[[ RECORDS SHOWN, beginning ]]
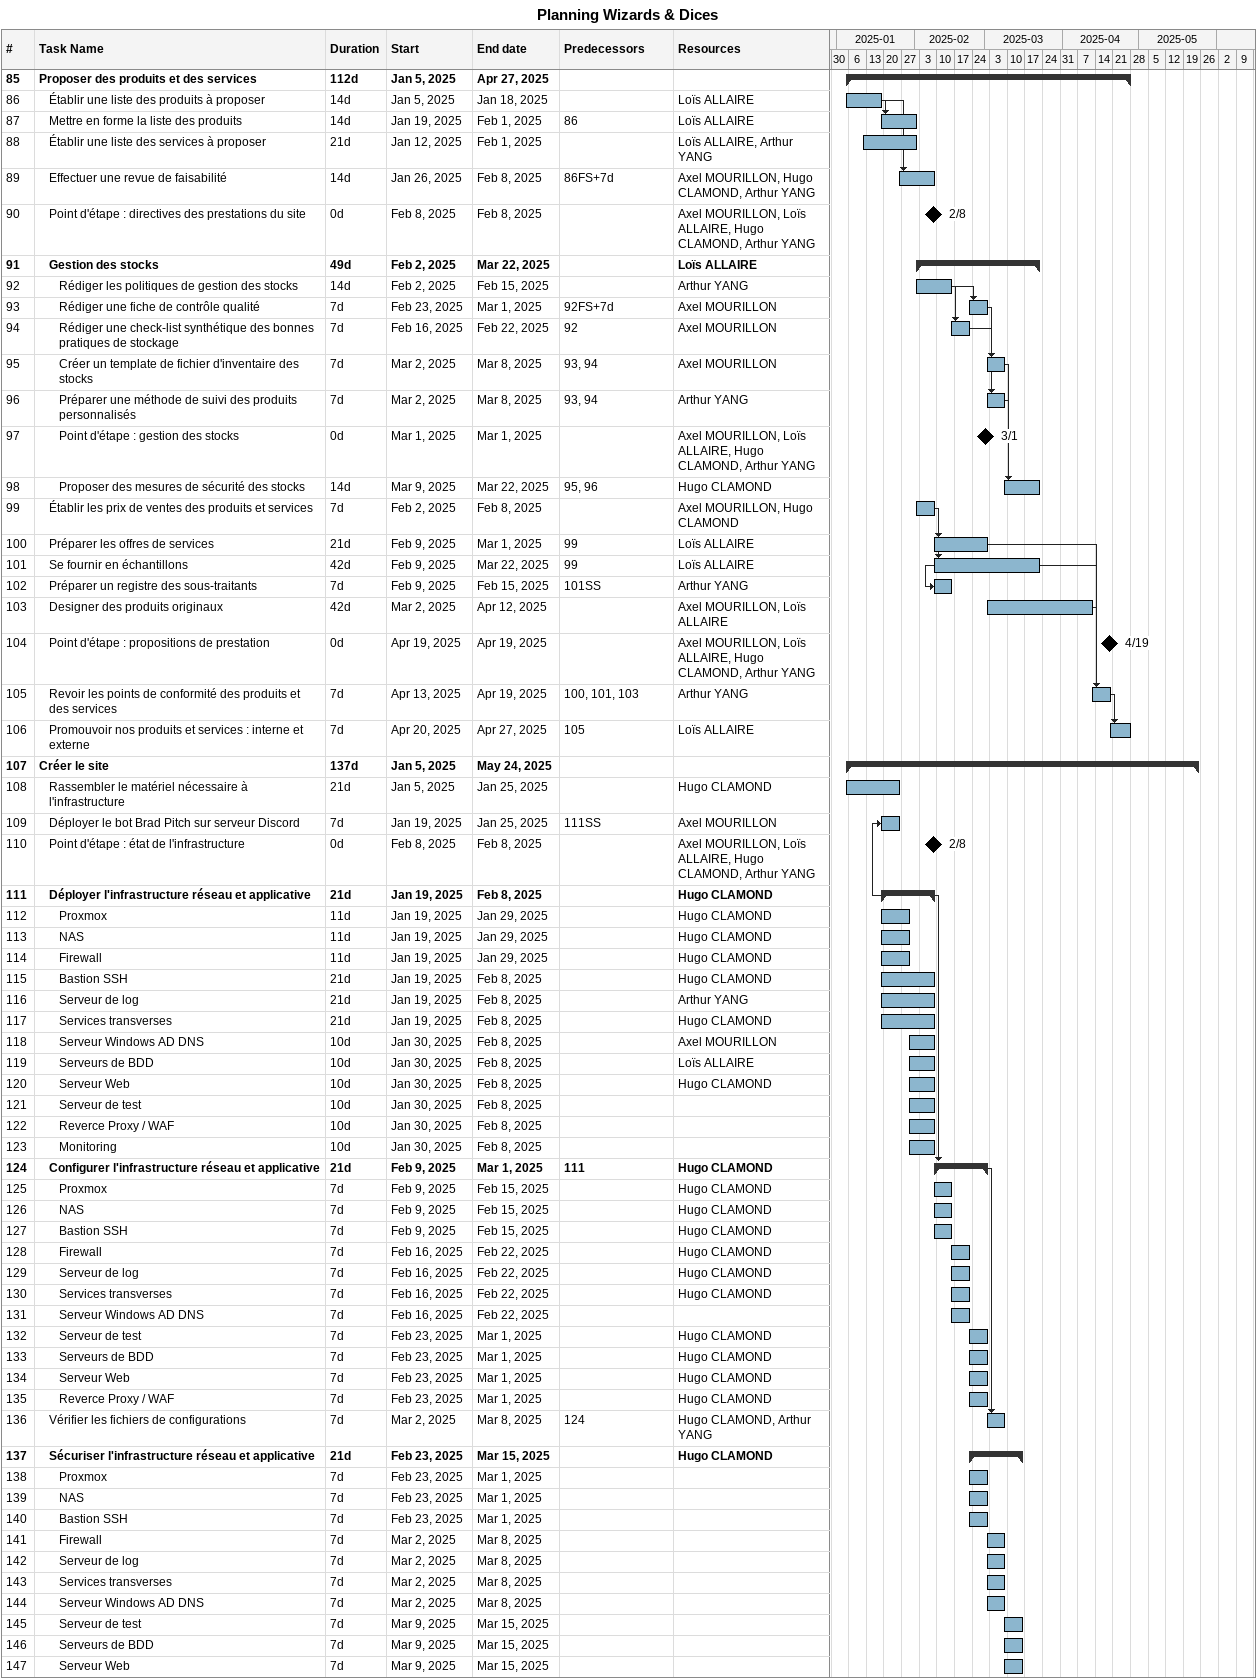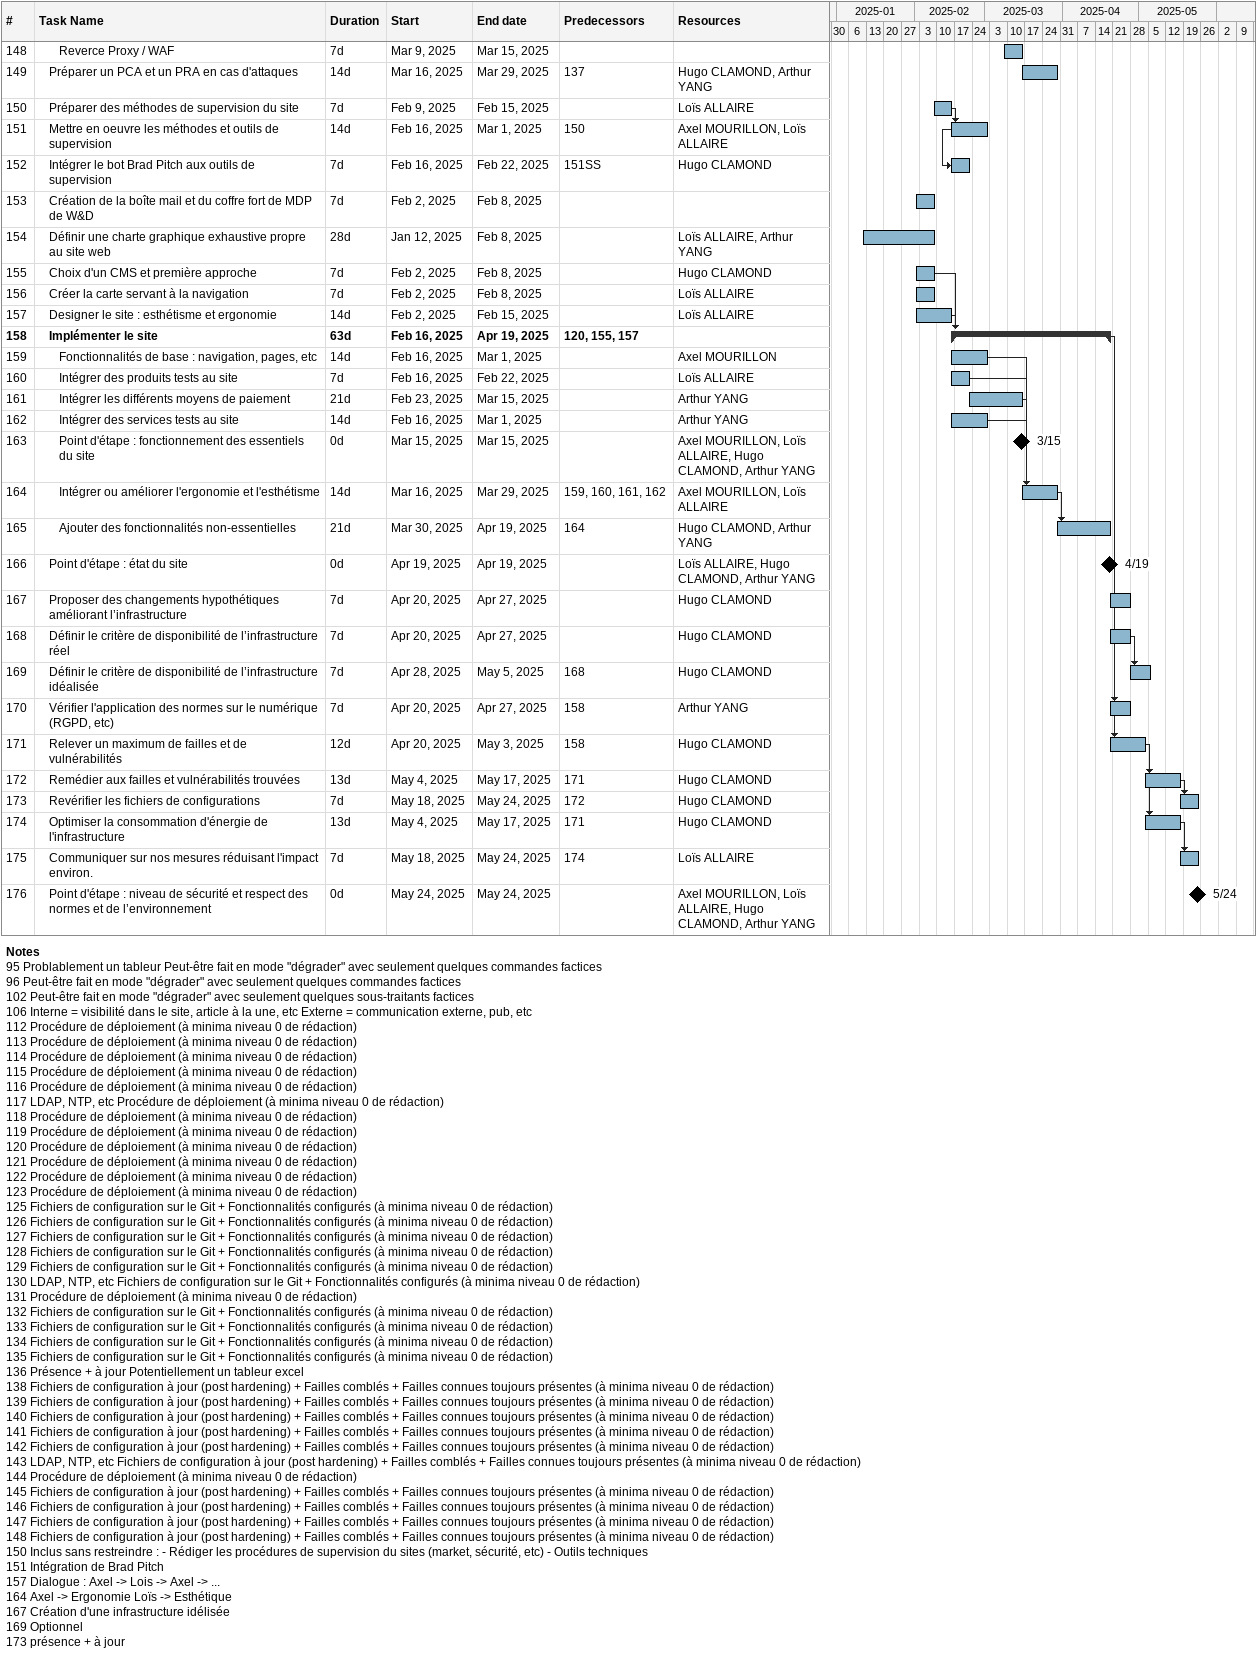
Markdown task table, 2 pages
Planning Wizards & Dices

| ID | Level | Task | Duration | Start | Finish | Predecessors | Resources |
|---|---|---|---|---|---|---|---|
| 85 | 1 | **Proposer des produits et des services** | 112d | 2025-01-05 | 2025-04-27 |  |  |
| 86 | 2 | Établir une liste des produits à proposer | 14d | 2025-01-05 | 2025-01-18 |  | Loïs ALLAIRE |
| 87 | 2 | Mettre en forme la liste des produits | 14d | 2025-01-19 | 2025-02-01 | 86 | Loïs ALLAIRE |
| 88 | 2 | Établir une liste des services à proposer | 21d | 2025-01-12 | 2025-02-01 |  | Loïs ALLAIRE, Arthur YANG |
| 89 | 2 | Effectuer une revue de faisabilité | 14d | 2025-01-26 | 2025-02-08 | 86FS+7d | Axel MOURILLON, Hugo CLAMOND, Arthur YANG |
| 90 | 2 | Point d'étape : directives des prestations du site | 0d | 2025-02-08 | 2025-02-08 |  | Axel MOURILLON, Loïs ALLAIRE, Hugo CLAMOND, Arthur YANG |
| 91 | 2 | **Gestion des stocks** | 49d | 2025-02-02 | 2025-03-22 |  | Loïs ALLAIRE |
| 92 | 3 | Rédiger les politiques de gestion des stocks | 14d | 2025-02-02 | 2025-02-15 |  | Arthur YANG |
| 93 | 3 | Rédiger une fiche de contrôle qualité | 7d | 2025-02-23 | 2025-03-01 | 92FS+7d | Axel MOURILLON |
| 94 | 3 | Rédiger une check-list synthétique des bonnes pratiques de stockage | 7d | 2025-02-16 | 2025-02-22 | 92 | Axel MOURILLON |
| 95 | 3 | Créer un template de fichier d'inventaire des stocks | 7d | 2025-03-02 | 2025-03-08 | 93, 94 | Axel MOURILLON |
| 96 | 3 | Préparer une méthode de suivi des produits personnalisés | 7d | 2025-03-02 | 2025-03-08 | 93, 94 | Arthur YANG |
| 97 | 3 | Point d'étape : gestion des stocks | 0d | 2025-03-01 | 2025-03-01 |  | Axel MOURILLON, Loïs ALLAIRE, Hugo CLAMOND, Arthur YANG |
| 98 | 3 | Proposer des mesures de sécurité des stocks | 14d | 2025-03-09 | 2025-03-22 | 95, 96 | Hugo CLAMOND |
| 99 | 2 | Établir les prix de ventes des produits et services | 7d | 2025-02-02 | 2025-02-08 |  | Axel MOURILLON, Hugo CLAMOND |
| 100 | 2 | Préparer les offres de services | 21d | 2025-02-09 | 2025-03-01 | 99 | Loïs ALLAIRE |
| 101 | 2 | Se fournir en échantillons | 42d | 2025-02-09 | 2025-03-22 | 99 | Loïs ALLAIRE |
| 102 | 2 | Préparer un registre des sous-traitants | 7d | 2025-02-09 | 2025-02-15 | 101SS | Arthur YANG |
| 103 | 2 | Designer des produits originaux | 42d | 2025-03-02 | 2025-04-12 |  | Axel MOURILLON, Loïs ALLAIRE |
| 104 | 2 | Point d'étape : propositions de prestation | 0d | 2025-04-19 | 2025-04-19 |  | Axel MOURILLON, Loïs ALLAIRE, Hugo CLAMOND, Arthur YANG |
| 105 | 2 | Revoir les points de conformité des produits et des services | 7d | 2025-04-13 | 2025-04-19 | 100, 101, 103 | Arthur YANG |
| 106 | 2 | Promouvoir nos produits et services : interne et externe | 7d | 2025-04-20 | 2025-04-27 | 105 | Loïs ALLAIRE |
| 107 | 1 | **Créer le site** | 137d | 2025-01-05 | 2025-05-24 |  |  |
| 108 | 2 | Rassembler le matériel nécessaire à l'infrastructure | 21d | 2025-01-05 | 2025-01-25 |  | Hugo CLAMOND |
| 109 | 2 | Déployer le bot Brad Pitch sur serveur Discord | 7d | 2025-01-19 | 2025-01-25 | 111SS | Axel MOURILLON |
| 110 | 2 | Point d'étape : état de l'infrastructure | 0d | 2025-02-08 | 2025-02-08 |  | Axel MOURILLON, Loïs ALLAIRE, Hugo CLAMOND, Arthur YANG |
| 111 | 2 | **Déployer l'infrastructure réseau et applicative** | 21d | 2025-01-19 | 2025-02-08 |  | Hugo CLAMOND |
| 112 | 3 | Proxmox | 11d | 2025-01-19 | 2025-01-29 |  | Hugo CLAMOND |
| 113 | 3 | NAS | 11d | 2025-01-19 | 2025-01-29 |  | Hugo CLAMOND |
| 114 | 3 | Firewall | 11d | 2025-01-19 | 2025-01-29 |  | Hugo CLAMOND |
| 115 | 3 | Bastion SSH | 21d | 2025-01-19 | 2025-02-08 |  | Hugo CLAMOND |
| 116 | 3 | Serveur de log | 21d | 2025-01-19 | 2025-02-08 |  | Arthur YANG |
| 117 | 3 | Services transverses | 21d | 2025-01-19 | 2025-02-08 |  | Hugo CLAMOND |
| 118 | 3 | Serveur Windows AD DNS | 10d | 2025-01-30 | 2025-02-08 |  | Axel MOURILLON |
| 119 | 3 | Serveurs de BDD | 10d | 2025-01-30 | 2025-02-08 |  | Loïs ALLAIRE |
| 120 | 3 | Serveur Web | 10d | 2025-01-30 | 2025-02-08 |  | Hugo CLAMOND |
| 121 | 3 | Serveur de test | 10d | 2025-01-30 | 2025-02-08 |  |  |
| 122 | 3 | Reverce Proxy / WAF | 10d | 2025-01-30 | 2025-02-08 |  |  |
| 123 | 3 | Monitoring | 10d | 2025-01-30 | 2025-02-08 |  |  |
| 124 | 2 | **Configurer l'infrastructure réseau et applicative** | 21d | 2025-02-09 | 2025-03-01 | 111 | Hugo CLAMOND |
| 125 | 3 | Proxmox | 7d | 2025-02-09 | 2025-02-15 |  | Hugo CLAMOND |
| 126 | 3 | NAS | 7d | 2025-02-09 | 2025-02-15 |  | Hugo CLAMOND |
| 127 | 3 | Bastion SSH | 7d | 2025-02-09 | 2025-02-15 |  | Hugo CLAMOND |
| 128 | 3 | Firewall | 7d | 2025-02-16 | 2025-02-22 |  | Hugo CLAMOND |
| 129 | 3 | Serveur de log | 7d | 2025-02-16 | 2025-02-22 |  | Hugo CLAMOND |
| 130 | 3 | Services transverses | 7d | 2025-02-16 | 2025-02-22 |  | Hugo CLAMOND |
| 131 | 3 | Serveur Windows AD DNS | 7d | 2025-02-16 | 2025-02-22 |  |  |
| 132 | 3 | Serveur de test | 7d | 2025-02-23 | 2025-03-01 |  | Hugo CLAMOND |
| 133 | 3 | Serveurs de BDD | 7d | 2025-02-23 | 2025-03-01 |  | Hugo CLAMOND |
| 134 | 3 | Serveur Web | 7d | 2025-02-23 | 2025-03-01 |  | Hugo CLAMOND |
[[ RECORDS SHOWN, end ]]
**WORK ORDER:** Begin at the first line of the data above and repeat each line exactly, stopping after the line containing "1 | **Proposer". Omit the pictures.

**RESPONSE:**
Markdown task table, 2 pages
Planning Wizards & Dices

| ID | Level | Task | Duration | Start | Finish | Predecessors | Resources |
|---|---|---|---|---|---|---|---|
| 85 | 1 | **Proposer des produits et des services** | 112d | 2025-01-05 | 2025-04-27 |  |  |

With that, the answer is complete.